Earlier this year, I shared about my plans to build a storage server. I had been quite excited about Btrfs. Btrfs has very nice features, particularly attractive to home users needing flexibility in growing, shrinking, or reassigning their disk drives. I’ve been trying out Btrfs on my data, and it’s time to share with you some findings. Unfortunately, it is bad news.
Sadly, Btrfs has consistently corrupted my data. I’ve given up on it. That’s my short verdict. If there’s anything to take away from this experience, this is it.
Here’s the details. To test Btrfs, I subjected my storage to some failure scenarios. I kept losing data. I’m the kind, if I want to test something, I’ll thoroughly stress test. I will purposely force disconnect the disk, directly write random data to the disk, etc. Btrfs failed.
In fact, I was sorely disappointed that even after reducing the test scenario into something extremely basic, something that one would ordinarily expect to work perfectly, Btrfs continued to disappoint. This is what I did:
- Create a Btrfs volume out of 3 physical disks, with RAID1 profile for both metadata and data storage.

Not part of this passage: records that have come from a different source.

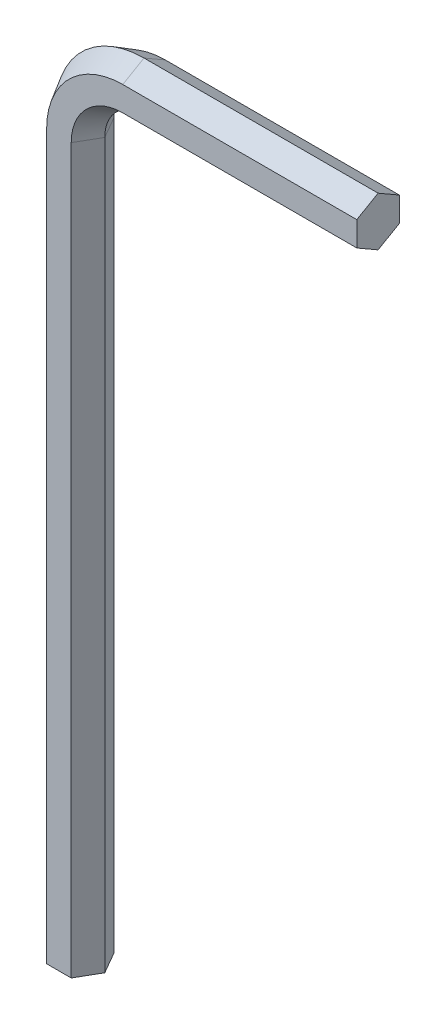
ISO-10303-21;
HEADER;
FILE_DESCRIPTION(('STEP AP214'),'2;1');
FILE_NAME('part.step','',(''),(''),'','','');
FILE_SCHEMA(('AUTOMOTIVE_DESIGN { 1 0 10303 214 1 1 1 1 }'));
ENDSEC;
DATA;
#1=APPLICATION_CONTEXT('core data for automotive mechanical design processes');
#2=APPLICATION_PROTOCOL_DEFINITION('international standard','automotive_design',2000,#1);
#3=PRODUCT_CONTEXT('',#1,'mechanical');
#4=PRODUCT('Part','Part','',(#3));
#5=PRODUCT_RELATED_PRODUCT_CATEGORY('part','',(#4));
#6=PRODUCT_DEFINITION_FORMATION('','',#4);
#7=PRODUCT_DEFINITION_CONTEXT('part definition',#1,'design');
#8=PRODUCT_DEFINITION('design','',#6,#7);
#9=PRODUCT_DEFINITION_SHAPE('','',#8);
#10=(LENGTH_UNIT() NAMED_UNIT(*) SI_UNIT(.MILLI.,.METRE.));
#11=(NAMED_UNIT(*) PLANE_ANGLE_UNIT() SI_UNIT($,.RADIAN.));
#12=(NAMED_UNIT(*) SI_UNIT($,.STERADIAN.) SOLID_ANGLE_UNIT());
#13=UNCERTAINTY_MEASURE_WITH_UNIT(LENGTH_MEASURE(1.E-05),#10,'distance_accuracy_value','');
#14=(GEOMETRIC_REPRESENTATION_CONTEXT(3) GLOBAL_UNCERTAINTY_ASSIGNED_CONTEXT((#13)) GLOBAL_UNIT_ASSIGNED_CONTEXT((#10,
#11,#12)) REPRESENTATION_CONTEXT('',''));
#15=CARTESIAN_POINT('',(0.,0.,0.));
#16=DIRECTION('',(0.,0.,1.));
#17=DIRECTION('',(1.,0.,0.));
#18=AXIS2_PLACEMENT_3D('',#15,#16,#17);
#19=CARTESIAN_POINT('',(6.,71.6905989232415,0.));
#20=DIRECTION('',(0.,-0.866025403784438,-0.500000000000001));
#21=DIRECTION('',(0.,0.500000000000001,-0.866025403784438));
#22=AXIS2_PLACEMENT_3D('',#19,#20,#21);
#23=PLANE('',#22);
#24=DIRECTION('',(0.,0.500000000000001,-0.866025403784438));
#25=VECTOR('',#24,1.);
#26=CARTESIAN_POINT('',(6.,71.6905989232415,0.));
#27=LINE('',#26,#25);
#28=CARTESIAN_POINT('',(6.,71.6905989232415,0.));
#29=VERTEX_POINT('',#28);
#30=CARTESIAN_POINT('',(6.,72.8452994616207,-2.));
#31=VERTEX_POINT('',#30);
#32=EDGE_CURVE('E130',#29,#31,#27,.T.);
#33=ORIENTED_EDGE('',*,*,#32,.T.);
#34=DIRECTION('',(1.,0.,0.));
#35=VECTOR('',#34,1.);
#36=CARTESIAN_POINT('',(6.,72.8452994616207,-2.));
#37=LINE('',#36,#35);
#38=CARTESIAN_POINT('',(28.,72.8452994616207,-2.));
#39=VERTEX_POINT('',#38);
#40=EDGE_CURVE('E39',#31,#39,#37,.T.);
#41=ORIENTED_EDGE('',*,*,#40,.T.);
#42=DIRECTION('',(0.,0.500000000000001,-0.866025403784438));
#43=VECTOR('',#42,1.);
#44=CARTESIAN_POINT('',(28.,71.6905989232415,0.));
#45=LINE('',#44,#43);
#46=CARTESIAN_POINT('',(28.,71.6905989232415,0.));
#47=VERTEX_POINT('',#46);
#48=EDGE_CURVE('E46',#47,#39,#45,.T.);
#49=ORIENTED_EDGE('',*,*,#48,.F.);
#50=DIRECTION('',(1.,0.,0.));
#51=VECTOR('',#50,1.);
#52=CARTESIAN_POINT('',(6.,71.6905989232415,0.));
#53=LINE('',#52,#51);
#54=EDGE_CURVE('E11',#29,#47,#53,.T.);
#55=ORIENTED_EDGE('',*,*,#54,.F.);
#56=EDGE_LOOP('',(#33,#41,#49,#55));
#57=FACE_BOUND('',#56,.T.);
#58=ADVANCED_FACE('F32',(#57),#23,.T.);
#59=CARTESIAN_POINT('',(6.,75.1547005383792,-2.));
#60=DIRECTION('',(0.,0.866025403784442,-0.499999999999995));
#61=DIRECTION('',(0.,0.499999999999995,0.866025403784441));
#62=AXIS2_PLACEMENT_3D('',#59,#60,#61);
#63=PLANE('',#62);
#64=DIRECTION('',(0.,0.499999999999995,0.866025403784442));
#65=VECTOR('',#64,1.);
#66=CARTESIAN_POINT('',(6.,75.1547005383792,-2.));
#67=LINE('',#66,#65);
#68=CARTESIAN_POINT('',(6.,75.1547005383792,-2.));
#69=VERTEX_POINT('',#68);
#70=CARTESIAN_POINT('',(6.,76.3094010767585,0.));
#71=VERTEX_POINT('',#70);
#72=EDGE_CURVE('E170',#69,#71,#67,.T.);
#73=ORIENTED_EDGE('',*,*,#72,.T.);
#74=DIRECTION('',(1.,0.,0.));
#75=VECTOR('',#74,1.);
#76=CARTESIAN_POINT('',(6.,76.3094010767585,0.));
#77=LINE('',#76,#75);
#78=CARTESIAN_POINT('',(28.,76.3094010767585,0.));
#79=VERTEX_POINT('',#78);
#80=EDGE_CURVE('E203',#71,#79,#77,.T.);
#81=ORIENTED_EDGE('',*,*,#80,.T.);
#82=DIRECTION('',(0.,0.499999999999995,0.866025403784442));
#83=VECTOR('',#82,1.);
#84=CARTESIAN_POINT('',(28.,75.1547005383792,-2.));
#85=LINE('',#84,#83);
#86=CARTESIAN_POINT('',(28.,75.1547005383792,-2.));
#87=VERTEX_POINT('',#86);
#88=EDGE_CURVE('E192',#87,#79,#85,.T.);
#89=ORIENTED_EDGE('',*,*,#88,.F.);
#90=DIRECTION('',(1.,0.,0.));
#91=VECTOR('',#90,1.);
#92=CARTESIAN_POINT('',(6.,75.1547005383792,-2.));
#93=LINE('',#92,#91);
#94=EDGE_CURVE('E206',#69,#87,#93,.T.);
#95=ORIENTED_EDGE('',*,*,#94,.F.);
#96=EDGE_LOOP('',(#73,#81,#89,#95));
#97=FACE_BOUND('',#96,.T.);
#98=ADVANCED_FACE('F244',(#97),#63,.T.);
#99=CARTESIAN_POINT('',(6.,76.3094010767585,0.));
#100=DIRECTION('',(0.,0.866025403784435,0.500000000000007));
#101=DIRECTION('',(0.,-0.500000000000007,0.866025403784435));
#102=AXIS2_PLACEMENT_3D('',#99,#100,#101);
#103=PLANE('',#102);
#104=DIRECTION('',(0.,-0.500000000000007,0.866025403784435));
#105=VECTOR('',#104,1.);
#106=CARTESIAN_POINT('',(6.,76.3094010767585,0.));
#107=LINE('',#106,#105);
#108=CARTESIAN_POINT('',(6.,75.1547005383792,2.00000000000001));
#109=VERTEX_POINT('',#108);
#110=EDGE_CURVE('E162',#71,#109,#107,.T.);
#111=ORIENTED_EDGE('',*,*,#110,.T.);
#112=DIRECTION('',(1.,0.,0.));
#113=VECTOR('',#112,1.);
#114=CARTESIAN_POINT('',(6.,75.1547005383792,2.00000000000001));
#115=LINE('',#114,#113);
#116=CARTESIAN_POINT('',(28.,75.1547005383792,2.00000000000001));
#117=VERTEX_POINT('',#116);
#118=EDGE_CURVE('E200',#109,#117,#115,.T.);
#119=ORIENTED_EDGE('',*,*,#118,.T.);
#120=DIRECTION('',(0.,-0.500000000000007,0.866025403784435));
#121=VECTOR('',#120,1.);
#122=CARTESIAN_POINT('',(28.,76.3094010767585,0.));
#123=LINE('',#122,#121);
#124=EDGE_CURVE('E189',#79,#117,#123,.T.);
#125=ORIENTED_EDGE('',*,*,#124,.F.);
#126=ORIENTED_EDGE('',*,*,#80,.F.);
#127=EDGE_LOOP('',(#111,#119,#125,#126));
#128=FACE_BOUND('',#127,.T.);
#129=ADVANCED_FACE('F249',(#128),#103,.T.);
#130=CARTESIAN_POINT('',(6.,72.8452994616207,1.99999999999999));
#131=DIRECTION('',(0.,-0.866025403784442,0.499999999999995));
#132=DIRECTION('',(0.,-0.499999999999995,-0.866025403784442));
#133=AXIS2_PLACEMENT_3D('',#130,#131,#132);
#134=PLANE('',#133);
#135=DIRECTION('',(0.,-0.499999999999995,-0.866025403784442));
#136=VECTOR('',#135,1.);
#137=CARTESIAN_POINT('',(6.,72.8452994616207,1.99999999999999));
#138=LINE('',#137,#136);
#139=CARTESIAN_POINT('',(6.,72.8452994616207,1.99999999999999));
#140=VERTEX_POINT('',#139);
#141=EDGE_CURVE('E159',#140,#29,#138,.T.);
#142=ORIENTED_EDGE('',*,*,#141,.T.);
#143=ORIENTED_EDGE('',*,*,#54,.T.);
#144=DIRECTION('',(0.,-0.499999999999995,-0.866025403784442));
#145=VECTOR('',#144,1.);
#146=CARTESIAN_POINT('',(28.,72.8452994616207,1.99999999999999));
#147=LINE('',#146,#145);
#148=CARTESIAN_POINT('',(28.,72.8452994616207,1.99999999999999));
#149=VERTEX_POINT('',#148);
#150=EDGE_CURVE('E133',#149,#47,#147,.T.);
#151=ORIENTED_EDGE('',*,*,#150,.F.);
#152=DIRECTION('',(1.,0.,0.));
#153=VECTOR('',#152,1.);
#154=CARTESIAN_POINT('',(6.,72.8452994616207,1.99999999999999));
#155=LINE('',#154,#153);
#156=EDGE_CURVE('E197',#140,#149,#155,.T.);
#157=ORIENTED_EDGE('',*,*,#156,.F.);
#158=EDGE_LOOP('',(#142,#143,#151,#157));
#159=FACE_BOUND('',#158,.T.);
#160=ADVANCED_FACE('F253',(#159),#134,.T.);
#161=CARTESIAN_POINT('',(6.,68.,0.));
#162=DIRECTION('',(0.,0.,-1.));
#163=DIRECTION('',(-1.,0.,0.));
#164=AXIS2_PLACEMENT_3D('',#161,#162,#163);
#165=CONICAL_SURFACE('',#164,3.6905989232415,0.5235987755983);
#166=DIRECTION('',(-0.500000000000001,0.,-0.866025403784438));
#167=VECTOR('',#166,1.);
#168=CARTESIAN_POINT('',(2.3094010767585,68.,0.));
#169=LINE('',#168,#167);
#170=CARTESIAN_POINT('',(2.3094010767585,68.,0.));
#171=VERTEX_POINT('',#170);
#172=CARTESIAN_POINT('',(1.15470053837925,68.,-2.));
#173=VERTEX_POINT('',#172);
#174=EDGE_CURVE('E127',#171,#173,#169,.T.);
#175=ORIENTED_EDGE('',*,*,#174,.T.);
#176=CARTESIAN_POINT('',(6.,68.,-2.));
#177=DIRECTION('',(0.,0.,-1.));
#178=DIRECTION('',(-1.,0.,0.));
#179=AXIS2_PLACEMENT_3D('',#176,#177,#178);
#180=CIRCLE('',#179,4.84529946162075);
#181=EDGE_CURVE('E134',#173,#31,#180,.T.);
#182=ORIENTED_EDGE('',*,*,#181,.T.);
#183=ORIENTED_EDGE('',*,*,#32,.F.);
#184=CARTESIAN_POINT('',(6.,68.,0.));
#185=DIRECTION('',(0.,0.,-1.));
#186=DIRECTION('',(-1.,0.,0.));
#187=AXIS2_PLACEMENT_3D('',#184,#185,#186);
#188=CIRCLE('',#187,3.6905989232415);
#189=EDGE_CURVE('E122',#171,#29,#188,.T.);
#190=ORIENTED_EDGE('',*,*,#189,.F.);
#191=EDGE_LOOP('',(#175,#182,#183,#190));
#192=FACE_BOUND('',#191,.T.);
#193=ADVANCED_FACE('F124',(#192),#165,.F.);
#194=CARTESIAN_POINT('',(6.,68.,-2.));
#195=DIRECTION('',(0.,0.,1.));
#196=DIRECTION('',(1.,0.,0.));
#197=AXIS2_PLACEMENT_3D('',#194,#195,#196);
#198=CONICAL_SURFACE('',#197,7.15470053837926,0.523598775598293);
#199=DIRECTION('',(-0.499999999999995,0.,0.866025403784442));
#200=VECTOR('',#199,1.);
#201=CARTESIAN_POINT('',(-1.15470053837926,68.,-2.));
#202=LINE('',#201,#200);
#203=CARTESIAN_POINT('',(-1.15470053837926,68.,-2.));
#204=VERTEX_POINT('',#203);
#205=CARTESIAN_POINT('',(-2.3094010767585,68.,0.));
#206=VERTEX_POINT('',#205);
#207=EDGE_CURVE('E154',#204,#206,#202,.T.);
#208=ORIENTED_EDGE('',*,*,#207,.T.);
#209=CARTESIAN_POINT('',(6.,68.,0.));
#210=DIRECTION('',(0.,0.,-1.));
#211=DIRECTION('',(-1.,0.,0.));
#212=AXIS2_PLACEMENT_3D('',#209,#210,#211);
#213=CIRCLE('',#212,8.3094010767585);
#214=EDGE_CURVE('E178',#206,#71,#213,.T.);
#215=ORIENTED_EDGE('',*,*,#214,.T.);
#216=ORIENTED_EDGE('',*,*,#72,.F.);
#217=CARTESIAN_POINT('',(6.,68.,-2.));
#218=DIRECTION('',(0.,0.,-1.));
#219=DIRECTION('',(-1.,0.,0.));
#220=AXIS2_PLACEMENT_3D('',#217,#218,#219);
#221=CIRCLE('',#220,7.15470053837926);
#222=EDGE_CURVE('E181',#204,#69,#221,.T.);
#223=ORIENTED_EDGE('',*,*,#222,.F.);
#224=EDGE_LOOP('',(#208,#215,#216,#223));
#225=FACE_BOUND('',#224,.T.);
#226=ADVANCED_FACE('F241',(#225),#198,.T.);
#227=CARTESIAN_POINT('',(6.,68.,0.));
#228=DIRECTION('',(0.,0.,-1.));
#229=DIRECTION('',(-1.,0.,0.));
#230=AXIS2_PLACEMENT_3D('',#227,#228,#229);
#231=CONICAL_SURFACE('',#230,8.3094010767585,0.523598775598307);
#232=DIRECTION('',(0.500000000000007,0.,0.866025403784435));
#233=VECTOR('',#232,1.);
#234=CARTESIAN_POINT('',(-2.3094010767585,68.,0.));
#235=LINE('',#234,#233);
#236=CARTESIAN_POINT('',(-1.15470053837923,68.,2.00000000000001));
#237=VERTEX_POINT('',#236);
#238=EDGE_CURVE('E229',#206,#237,#235,.T.);
#239=ORIENTED_EDGE('',*,*,#238,.T.);
#240=CARTESIAN_POINT('',(6.,68.,2.00000000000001));
#241=DIRECTION('',(0.,0.,-1.));
#242=DIRECTION('',(-1.,0.,0.));
#243=AXIS2_PLACEMENT_3D('',#240,#241,#242);
#244=CIRCLE('',#243,7.15470053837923);
#245=EDGE_CURVE('E175',#237,#109,#244,.T.);
#246=ORIENTED_EDGE('',*,*,#245,.T.);
#247=ORIENTED_EDGE('',*,*,#110,.F.);
#248=ORIENTED_EDGE('',*,*,#214,.F.);
#249=EDGE_LOOP('',(#239,#246,#247,#248));
#250=FACE_BOUND('',#249,.T.);
#251=ADVANCED_FACE('F247',(#250),#231,.T.);
#252=CARTESIAN_POINT('',(6.,68.,1.99999999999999));
#253=DIRECTION('',(0.,0.,1.));
#254=DIRECTION('',(1.,0.,0.));
#255=AXIS2_PLACEMENT_3D('',#252,#253,#254);
#256=CONICAL_SURFACE('',#255,4.84529946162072,0.523598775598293);
#257=DIRECTION('',(0.499999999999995,0.,-0.866025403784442));
#258=VECTOR('',#257,1.);
#259=CARTESIAN_POINT('',(1.15470053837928,68.,1.99999999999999));
#260=LINE('',#259,#258);
#261=CARTESIAN_POINT('',(1.15470053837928,68.,1.99999999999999));
#262=VERTEX_POINT('',#261);
#263=EDGE_CURVE('E137',#262,#171,#260,.T.);
#264=ORIENTED_EDGE('',*,*,#263,.T.);
#265=ORIENTED_EDGE('',*,*,#189,.T.);
#266=ORIENTED_EDGE('',*,*,#141,.F.);
#267=CARTESIAN_POINT('',(6.,68.,1.99999999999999));
#268=DIRECTION('',(0.,0.,-1.));
#269=DIRECTION('',(-1.,0.,0.));
#270=AXIS2_PLACEMENT_3D('',#267,#268,#269);
#271=CIRCLE('',#270,4.84529946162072);
#272=EDGE_CURVE('E140',#262,#140,#271,.T.);
#273=ORIENTED_EDGE('',*,*,#272,.F.);
#274=EDGE_LOOP('',(#264,#265,#266,#273));
#275=FACE_BOUND('',#274,.T.);
#276=ADVANCED_FACE('F138',(#275),#256,.F.);
#277=CARTESIAN_POINT('',(1.15470053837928,68.,1.99999999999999));
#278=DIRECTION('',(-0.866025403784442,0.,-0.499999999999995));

- Run a scrub. Passed without errors.
- Copy 1.2TB of my real data into the disk.
- Run a scrub. Passed without errors.
- Run a balance.
- Run a scrub again. Passed without errors.
- Now, remove a disk by using the prescribed Btrfs command. E.g.,
$ btrfs device delete /dev/sdb /nas - Run a scrub. Failed with too many unrecoverable checksum errors.
I repeated that. Three times. Each time, I ended up with extensive checksum errors. My disks are good. I tested them prior.
I did do a simple test on three 8GB file-based virtual devices forming part of a Btrfs volume. With far less data, I could trash Btrfs anyway I liked, of course within its design parameters, and the Btrfs volume came away fine.
But it just wouldn’t work with my real data set that’s some 1.2TB big. It is really disappointing. I cannot understand why others have not had any trouble with Btrfs. I would really have loved Btrfs to work out.
I’m now moving on to consider another option: GlusterFS. GlusterFS is designed to be a scale-out network-attached storage file system. A “problem” with Btrfs is that it doesn’t provide for resiliency across server and/or site. This means that a *touch wood* catastrophic incident such as a fire will completely take out the Btrfs volume. You’d still need a copy of the data somewhere else, in another server, preferably in another location.
With GlusterFS to be effective in providing for redundancy, one would need to have multiple servers. I’m thinking about my Raspberry Pis being those multiple servers. They are slow. But the network connecting the far-away Raspberry Pis are likely to be slow anyway. It is, however, a little less straight-forward (not complicated, just not something all that trivial) to pool together multiple disks of the same server without complicating the GlusterFS assurance of filesystem resiliency. I’ll update when I’ve got the chance to properly explore GlusterFS.
Wouldn’t a raid1 requiere 2 or 4 disks. Or how did you do your raid config ?
That’s with typical RAID1 which works at disk level. In Btrfs (similar in others like ZFS), the redundancy is provided within the filesystem, not at disk level. So in order RAID1 configuration, Btrfs will ensure that each chuck of data is always written into two different hard disk. In a three disk system it means sometimes a data chunk is written to disk A and B, another time it could be B and C, and yet other times it could be A and C.